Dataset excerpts

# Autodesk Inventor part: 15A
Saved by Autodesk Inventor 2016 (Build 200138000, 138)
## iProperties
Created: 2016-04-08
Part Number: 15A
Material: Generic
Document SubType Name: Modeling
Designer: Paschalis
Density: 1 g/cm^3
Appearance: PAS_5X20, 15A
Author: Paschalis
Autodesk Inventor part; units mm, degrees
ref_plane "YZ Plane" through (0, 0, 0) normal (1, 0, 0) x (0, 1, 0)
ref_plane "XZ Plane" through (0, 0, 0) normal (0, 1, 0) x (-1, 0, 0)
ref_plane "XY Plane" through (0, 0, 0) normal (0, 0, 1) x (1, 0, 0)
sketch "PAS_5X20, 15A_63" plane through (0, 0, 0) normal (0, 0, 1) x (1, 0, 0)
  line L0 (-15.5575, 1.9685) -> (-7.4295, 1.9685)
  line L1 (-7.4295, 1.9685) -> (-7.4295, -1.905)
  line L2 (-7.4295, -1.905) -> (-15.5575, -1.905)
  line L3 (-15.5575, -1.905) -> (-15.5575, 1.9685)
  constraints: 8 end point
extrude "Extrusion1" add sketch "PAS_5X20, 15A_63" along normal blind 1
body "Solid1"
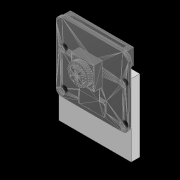
# Autodesk Inventor part: RPi_Camera_V2.1
Saved by Autodesk Inventor 2022 (Build 260153000, 153)
## iProperties
Created: 2021-09-27
Part Number: RPi_Camera_V2.1
Material: Genérico
Document SubType Name: Modeling
Designer: Julio R
Density: 1 g/cm^3
Appearance: Valor por defecto
Author: Julio R
Autodesk Inventor part; units mm, degrees
ref_plane "YZ Plane" through (0, 0, 0) normal (1, 0, 0) x (0, 1, 0)
ref_plane "XZ Plane" through (0, 0, 0) normal (0, 1, 0) x (-1, 0, 0)
ref_plane "Plano de trabajo1" through (10.95, 6.5, 0) normal (0, 0, -1) x (-1, 0, 0)
sketch "Boceto1" plane through (10.95, 6.5, 0) normal (0, 0, -1) x (-1, 0, 0)
  circle A0 centre (0.45, -4) radius 1.05 projected
  circle A1 centre (21.45, -4) radius 1.05 projected
  circle A2 centre (21.45, -16.58) radius 1.05 projected
  circle A3 centre (0.45, -16.58) radius 1.05 projected
  line L0 (-1.55, 3.5) -> (-1.55, -16.5) projected
  line L1 (0.45, -18.5) -> (21.45, -18.5) projected
  line L2 (23.45, -16.5) -> (23.45, 3.5) projected
  line L3 (-1.55, -2) -> (23.45, -2)
  line L4 (23.45, -2) -> (23.45, -27)
  line L5 (23.45, -27) -> (-1.55, -27)
  line L6 (-1.55, -27) -> (-1.55, -2)
  circle A4 centre (0.45, -4) radius 1.05
  circle A5 centre (21.45, -4) radius 1.05
  circle A6 centre (0.45, -16.58) radius 1.05
  circle A7 centre (21.45, -16.58) radius 1.05
  point P0 (10.95, -6.5)
  point P1 (0, 0)
  dimension "d1" = 2
  dimension "d3" = 25
  constraints: 8 end point, 4 centre point, 4 coincident, 4 concentric, 2 collinear, 2 parallel, 1 horizontal, 1 perpendicular, 1 point on line
  measures "d1" distance from line of L3 point (0, 0)
  measures "d3" distance between parallel lines of L3 L5
extrude "Extrusión1" add sketch "Boceto1" along normal blind 3

Description of the task:
Every entry above needs to be copied exactly, and no pictures go with it.

Task answer:
# Autodesk Inventor part: 15A
Saved by Autodesk Inventor 2016 (Build 200138000, 138)
## iProperties
Created: 2016-04-08
Part Number: 15A
Material: Generic
Document SubType Name: Modeling
Designer: Paschalis
Density: 1 g/cm^3
Appearance: PAS_5X20, 15A
Author: Paschalis
Autodesk Inventor part; units mm, degrees
ref_plane "YZ Plane" through (0, 0, 0) normal (1, 0, 0) x (0, 1, 0)
ref_plane "XZ Plane" through (0, 0, 0) normal (0, 1, 0) x (-1, 0, 0)
ref_plane "XY Plane" through (0, 0, 0) normal (0, 0, 1) x (1, 0, 0)
sketch "PAS_5X20, 15A_63" plane through (0, 0, 0) normal (0, 0, 1) x (1, 0, 0)
  line L0 (-15.5575, 1.9685) -> (-7.4295, 1.9685)
  line L1 (-7.4295, 1.9685) -> (-7.4295, -1.905)
  line L2 (-7.4295, -1.905) -> (-15.5575, -1.905)
  line L3 (-15.5575, -1.905) -> (-15.5575, 1.9685)
  constraints: 8 end point
extrude "Extrusion1" add sketch "PAS_5X20, 15A_63" along normal blind 1
body "Solid1"
# Autodesk Inventor part: RPi_Camera_V2.1
Saved by Autodesk Inventor 2022 (Build 260153000, 153)
## iProperties
Created: 2021-09-27
Part Number: RPi_Camera_V2.1
Material: Genérico
Document SubType Name: Modeling
Designer: Julio R
Density: 1 g/cm^3
Appearance: Valor por defecto
Author: Julio R
Autodesk Inventor part; units mm, degrees
ref_plane "YZ Plane" through (0, 0, 0) normal (1, 0, 0) x (0, 1, 0)
ref_plane "XZ Plane" through (0, 0, 0) normal (0, 1, 0) x (-1, 0, 0)
ref_plane "Plano de trabajo1" through (10.95, 6.5, 0) normal (0, 0, -1) x (-1, 0, 0)
sketch "Boceto1" plane through (10.95, 6.5, 0) normal (0, 0, -1) x (-1, 0, 0)
  circle A0 centre (0.45, -4) radius 1.05 projected
  circle A1 centre (21.45, -4) radius 1.05 projected
  circle A2 centre (21.45, -16.58) radius 1.05 projected
  circle A3 centre (0.45, -16.58) radius 1.05 projected
  line L0 (-1.55, 3.5) -> (-1.55, -16.5) projected
  line L1 (0.45, -18.5) -> (21.45, -18.5) projected
  line L2 (23.45, -16.5) -> (23.45, 3.5) projected
  line L3 (-1.55, -2) -> (23.45, -2)
  line L4 (23.45, -2) -> (23.45, -27)
  line L5 (23.45, -27) -> (-1.55, -27)
  line L6 (-1.55, -27) -> (-1.55, -2)
  circle A4 centre (0.45, -4) radius 1.05
  circle A5 centre (21.45, -4) radius 1.05
  circle A6 centre (0.45, -16.58) radius 1.05
  circle A7 centre (21.45, -16.58) radius 1.05
  point P0 (10.95, -6.5)
  point P1 (0, 0)
  dimension "d1" = 2
  dimension "d3" = 25
  constraints: 8 end point, 4 centre point, 4 coincident, 4 concentric, 2 collinear, 2 parallel, 1 horizontal, 1 perpendicular, 1 point on line
  measures "d1" distance from line of L3 point (0, 0)
  measures "d3" distance between parallel lines of L3 L5
extrude "Extrusión1" add sketch "Boceto1" along normal blind 3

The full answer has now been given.